The Other Side of Lost in Translation


How Japanese see Koreans #1

Momoe Yamaguchi was one of the biggest stars in Japan during '70s,
and this song is one of her many hits,
which is called "謝肉祭 Shanikusai(Carnival)."
Interesting enough, this song had been prohibited
to be put on the air,
and her compilation CDs had not included this song untill recently.
Because the lyric contains the word "Gypsy"
and that is considered as a derogatory remark.

Do you know where the "Gypsy" came from?
Gypsies were the people who migrated to Europe
from the north India.
But at that time,
as most of Europeans did not know much about India,
they thought those dark people were Egyptians.
Then "Egyptian" became "Gyptian", then "Gypsy."
Now it is considered derogatory against Egyptians.

From late '80s to mid '90s,
there was a strong cracking down movement
against any derogatory remarks in Japanese media,
which probably was influenced by
"Politically Correct" movement in American media.
All of sudden, so many words were prohibited to be used
in media and some works which had been already
published/released became out of print
and/or being prohibited to be put on the air.
There were so many words disappered from the media like:

Ainoko.....racially mixed
Eta........descriminated group of people in Japan
Kuronbo....Blacks, equivalent to "N word"

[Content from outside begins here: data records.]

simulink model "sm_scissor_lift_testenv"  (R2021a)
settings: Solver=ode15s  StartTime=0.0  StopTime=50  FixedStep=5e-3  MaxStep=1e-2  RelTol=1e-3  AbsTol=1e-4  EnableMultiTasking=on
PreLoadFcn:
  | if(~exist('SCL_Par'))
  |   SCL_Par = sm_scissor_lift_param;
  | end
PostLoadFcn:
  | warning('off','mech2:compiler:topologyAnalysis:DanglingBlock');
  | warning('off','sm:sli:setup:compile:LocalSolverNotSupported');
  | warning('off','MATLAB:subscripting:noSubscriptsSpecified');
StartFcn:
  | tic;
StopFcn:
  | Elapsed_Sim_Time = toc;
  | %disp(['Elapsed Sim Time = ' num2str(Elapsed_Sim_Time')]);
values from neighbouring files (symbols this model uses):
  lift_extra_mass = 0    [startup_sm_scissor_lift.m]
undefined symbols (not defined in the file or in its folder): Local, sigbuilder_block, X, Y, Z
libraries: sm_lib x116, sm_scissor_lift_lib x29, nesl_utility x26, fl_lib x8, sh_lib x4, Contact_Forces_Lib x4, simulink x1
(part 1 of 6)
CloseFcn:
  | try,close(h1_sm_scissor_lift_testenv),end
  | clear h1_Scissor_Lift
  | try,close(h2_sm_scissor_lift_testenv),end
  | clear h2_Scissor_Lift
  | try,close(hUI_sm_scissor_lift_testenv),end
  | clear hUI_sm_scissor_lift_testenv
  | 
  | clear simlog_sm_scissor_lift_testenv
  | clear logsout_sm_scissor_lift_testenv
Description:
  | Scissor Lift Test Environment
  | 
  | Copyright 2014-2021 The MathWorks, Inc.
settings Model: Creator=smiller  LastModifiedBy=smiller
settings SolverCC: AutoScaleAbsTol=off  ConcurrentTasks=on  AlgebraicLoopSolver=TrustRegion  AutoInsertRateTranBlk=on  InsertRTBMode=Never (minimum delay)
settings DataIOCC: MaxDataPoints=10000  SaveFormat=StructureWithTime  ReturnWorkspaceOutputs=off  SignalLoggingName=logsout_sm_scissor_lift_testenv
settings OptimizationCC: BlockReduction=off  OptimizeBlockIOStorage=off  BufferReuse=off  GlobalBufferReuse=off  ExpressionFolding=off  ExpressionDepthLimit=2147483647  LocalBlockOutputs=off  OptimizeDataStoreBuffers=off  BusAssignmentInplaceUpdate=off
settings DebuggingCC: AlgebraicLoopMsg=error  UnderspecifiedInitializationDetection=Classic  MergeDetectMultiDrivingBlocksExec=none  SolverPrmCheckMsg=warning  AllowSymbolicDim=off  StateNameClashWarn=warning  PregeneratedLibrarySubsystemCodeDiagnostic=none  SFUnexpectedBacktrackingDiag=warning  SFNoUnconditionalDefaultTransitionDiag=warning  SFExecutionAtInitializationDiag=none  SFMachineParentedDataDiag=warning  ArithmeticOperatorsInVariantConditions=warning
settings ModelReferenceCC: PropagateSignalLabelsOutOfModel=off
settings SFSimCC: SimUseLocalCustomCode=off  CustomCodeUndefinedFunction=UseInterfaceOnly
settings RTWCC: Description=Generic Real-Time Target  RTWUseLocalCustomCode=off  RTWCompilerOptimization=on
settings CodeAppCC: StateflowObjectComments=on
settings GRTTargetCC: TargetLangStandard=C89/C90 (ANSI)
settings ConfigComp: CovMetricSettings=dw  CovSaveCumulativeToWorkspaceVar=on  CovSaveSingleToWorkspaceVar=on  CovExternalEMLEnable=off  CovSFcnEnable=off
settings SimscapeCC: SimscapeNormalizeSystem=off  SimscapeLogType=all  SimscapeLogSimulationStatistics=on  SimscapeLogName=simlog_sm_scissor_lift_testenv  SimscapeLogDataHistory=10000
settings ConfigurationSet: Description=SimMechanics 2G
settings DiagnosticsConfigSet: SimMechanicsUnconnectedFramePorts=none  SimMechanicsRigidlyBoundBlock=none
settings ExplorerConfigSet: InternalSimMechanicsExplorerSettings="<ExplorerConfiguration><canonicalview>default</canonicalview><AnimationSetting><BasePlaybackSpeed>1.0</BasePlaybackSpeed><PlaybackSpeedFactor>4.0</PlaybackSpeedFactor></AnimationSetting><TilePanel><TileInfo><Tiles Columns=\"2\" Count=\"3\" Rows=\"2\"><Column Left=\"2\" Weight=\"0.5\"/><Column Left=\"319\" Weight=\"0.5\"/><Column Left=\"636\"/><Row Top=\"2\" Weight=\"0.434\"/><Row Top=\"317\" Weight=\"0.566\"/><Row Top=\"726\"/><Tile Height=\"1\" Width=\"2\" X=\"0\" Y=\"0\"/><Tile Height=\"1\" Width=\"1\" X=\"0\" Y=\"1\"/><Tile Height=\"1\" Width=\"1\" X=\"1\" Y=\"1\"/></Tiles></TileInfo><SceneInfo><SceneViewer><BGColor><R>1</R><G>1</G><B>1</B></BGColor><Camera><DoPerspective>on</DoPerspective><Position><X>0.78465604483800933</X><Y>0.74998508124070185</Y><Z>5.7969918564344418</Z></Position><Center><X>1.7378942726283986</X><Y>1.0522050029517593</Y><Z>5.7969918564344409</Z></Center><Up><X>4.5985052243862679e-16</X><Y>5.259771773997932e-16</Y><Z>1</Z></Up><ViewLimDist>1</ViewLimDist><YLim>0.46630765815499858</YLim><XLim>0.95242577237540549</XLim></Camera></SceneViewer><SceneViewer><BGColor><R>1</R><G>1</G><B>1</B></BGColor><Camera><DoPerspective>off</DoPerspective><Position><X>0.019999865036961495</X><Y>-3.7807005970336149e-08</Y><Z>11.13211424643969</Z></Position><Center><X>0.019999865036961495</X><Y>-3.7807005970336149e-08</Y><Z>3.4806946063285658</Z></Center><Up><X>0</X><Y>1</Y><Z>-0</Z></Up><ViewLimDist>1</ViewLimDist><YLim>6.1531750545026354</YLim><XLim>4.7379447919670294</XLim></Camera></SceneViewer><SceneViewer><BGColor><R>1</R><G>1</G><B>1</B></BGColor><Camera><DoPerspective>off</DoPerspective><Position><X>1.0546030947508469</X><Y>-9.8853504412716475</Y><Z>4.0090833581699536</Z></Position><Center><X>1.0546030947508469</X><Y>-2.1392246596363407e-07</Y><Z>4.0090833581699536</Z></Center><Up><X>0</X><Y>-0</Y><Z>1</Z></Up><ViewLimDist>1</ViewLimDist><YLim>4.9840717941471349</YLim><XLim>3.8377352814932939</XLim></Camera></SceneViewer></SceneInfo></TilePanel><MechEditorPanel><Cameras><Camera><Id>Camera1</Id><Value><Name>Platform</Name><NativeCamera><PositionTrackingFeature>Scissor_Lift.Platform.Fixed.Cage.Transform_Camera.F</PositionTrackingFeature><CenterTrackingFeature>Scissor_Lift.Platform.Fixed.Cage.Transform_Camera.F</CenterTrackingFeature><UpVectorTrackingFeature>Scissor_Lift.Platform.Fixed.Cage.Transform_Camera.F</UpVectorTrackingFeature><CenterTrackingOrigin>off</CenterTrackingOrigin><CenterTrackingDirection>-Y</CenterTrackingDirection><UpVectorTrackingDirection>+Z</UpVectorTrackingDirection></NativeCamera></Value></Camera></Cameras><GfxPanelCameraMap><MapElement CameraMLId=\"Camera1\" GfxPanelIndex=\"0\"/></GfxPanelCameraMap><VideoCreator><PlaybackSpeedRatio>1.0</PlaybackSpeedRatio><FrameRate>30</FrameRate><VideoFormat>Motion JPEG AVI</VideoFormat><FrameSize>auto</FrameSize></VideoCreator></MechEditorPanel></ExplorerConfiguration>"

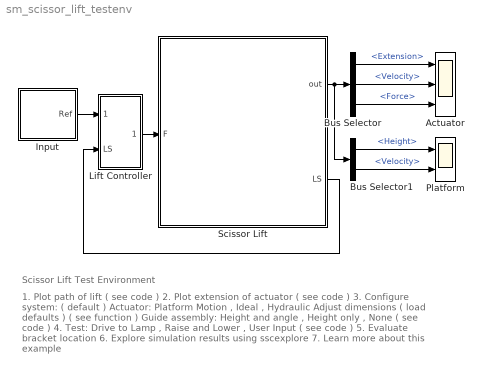
== system sm_scissor_lift_testenv ==
  note: Scissor Lift Test Environment
  note: 1. Plot path of lift ( see code )
      | 2. Plot extension of actuator ( see code )
      | 3. Configure system: ( default )
      | Actuator: Platform Motion , Ideal , Hydraulic
      | Adjust dimensions ( load defaults ) ( see function )
      | Guide assembly: Height and angle , Height only , None ( see code )
      | 4. Test: Drive to Lamp , Raise and Lower , User Input ( see code )
      | 5. Evaluate bracket location
      | 6. Explore simulation results using sscexplore
      | 7. Learn more about this example
  Actuator : Scope  NumInputPorts=3
  Bus Selector : BusSelector  OutputSignals=Actuator.Extension,Actuator.Velocity,Actuator.Force
  Bus Selector1 : BusSelector  OutputSignals=Platform.Height,Platform.Velocity
  Input : Subsystem  Variant=on  VariantControlMode=label  VariantControl=Variant1  LabelModeActiveChoice=Test_Input
      settings: AttributesFormatString=%<ActiveVariant>
      mask Display:
      | blk = find_system(gcbh, 'SearchDepth', 1, 'Parent', gcb, 'VariantObject', get_param(gcb,'activevariant'));
      | eval(get_param(blk, 'MaskDisplay'));
  Lift Controller : Subsystem
  Platform : Scope  NumInputPorts=2
  Scissor Lift : Subsystem  Tag=PublishSubsystem
      mask Display:
      | image('Scissor_Lift_3Stage_Full_IMAGE.jpg');
      | %port_label('input',1,'F');
      | %port_label('output',1,'pv');
  wires:
  Lift Controller/1(Cmd) -> Scissor Lift/1(F)
  Bus Selector/2 -> Actuator/2  "<Velocity>"
  Scissor Lift/2(LS) -> Lift Controller/2(LS)
  Input/1(" Ref") -> Lift Controller/1(Ref)
  Bus Selector/3 -> Actuator/3  "<Force>"
  Scissor Lift/1(out) -> Bus Selector1/1, Bus Selector/1
  Bus Selector1/1 -> Platform/1  "<Height>"
  Bus Selector1/2 -> Platform/2  "<Velocity>"
  Bus Selector/1 -> Actuator/1  "<Extension>"

== system sm_scissor_lift_testenv/Input ==
  Dashboard : Subsystem  VariantControl=Dashboard
      mask Display: image(imread('Scissor_Lift_Input_Dashboard_IMAGE.jpg'));
  Input : Subsystem  VariantControl=Test_Input
      mask Display: image('Scissor_Lift_Input_TestSequence_IMAGE.jpg');
  " Ref" : Outport  VectorParamsAs1DForOutWhenUnconnected=off

== system sm_scissor_lift_testenv/Lift Controller ==
  note: Copyright 2011-2021 The MathWorks, Inc.
  Ref : Inport
  LS : Inport  Port=2
  Bus Creator : BusCreator  Inputs=4
  Bus Selector : BusSelector  OutputSignals=Lift,Drive,Steer,Extend
  Bus Selector1 : BusSelector  OutputSignals=LS Height
  Full : Constant  Value=10
  Gain : Gain  Gain=0.5
  Gain1 : Gain  Gain=0.5
  Integrator : Integrator
  Integrator1 : Integrator
  Limit : Constant  Value=5
  Max Trq : Switch  Criteria=u2 > Threshold
  Product : Product
  Saturation : Saturate  UpperLimit=SCL_Par.Platform.Ext.Length*0.6/100  LowerLimit=0
  Cmd : Outport  VectorParamsAs1DForOutWhenUnconnected=off
  wires:
  Ref/1 -> Bus Selector/1
  LS/1 -> Bus Selector1/1
  Bus Selector/1 -> Bus Creator/1  "<Lift>"
  Bus Selector/2 -> Product/2  "<Drive>"
  Bus Selector/3 -> Gain/1  "<Steer>"
  Bus Creator/1 -> Cmd/1  "Cmd"
  Full/1 -> Max Trq/3
  Limit/1 -> Max Trq/1
  Max Trq/1 -> Product/1
  Product/1 -> Bus Creator/2  "Drive"
  Bus Selector1/1 -> Max Trq/2  "<LS Height>"
  Gain/1 -> Integrator/1
  Integrator/1 -> Bus Creator/3  "Steer"
  Bus Selector/4 -> Gain1/1  "<Extend>"
  Gain1/1 -> Integrator1/1
  Integrator1/1 -> Saturation/1
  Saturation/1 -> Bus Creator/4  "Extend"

There was a huge commotion in general public
about this prohibition.
Many people said it was wrong to prohibit to use these words
because they have been used for so many years,
and this kind of crack down can be
againt the freedom of expression.

At that time, I was already in U.S.,
and still there was no internet.
Yet I could almost figure out which words were wrong to use
as probably I had been advocated
about politically correctness, by living here in U.S.
However, still the prohibition of the word "Gypsy"
was a bit strange to me
because it is okay to use it in U.S.
I have never heard the songs like "Gypsy Woman"
were criticized because of the usage of that term.

Then, about two years ago,
On my e-mail, I asked my editor
if I could use the pics that I took
with my small digi-camera though I usually use pics
that I take with my SRL camera for my articles.
And I wrote with the term "Baka-Chon camera."
"Baka-Chon camera" is a general term for
small, inexpensive & easy-to-use camera,
which was a very usual term when I was living in Japan,
during '60s and '70s.
To my surprise, my editor wrote
"this is a forbidden term now,
because Baka means an idiot,
and Chon means a Korean.
So Baka-Chon camera means the camera that
even Idiots and Koreans can use.
I was totaly astonished
and I swear that I had no idea about this.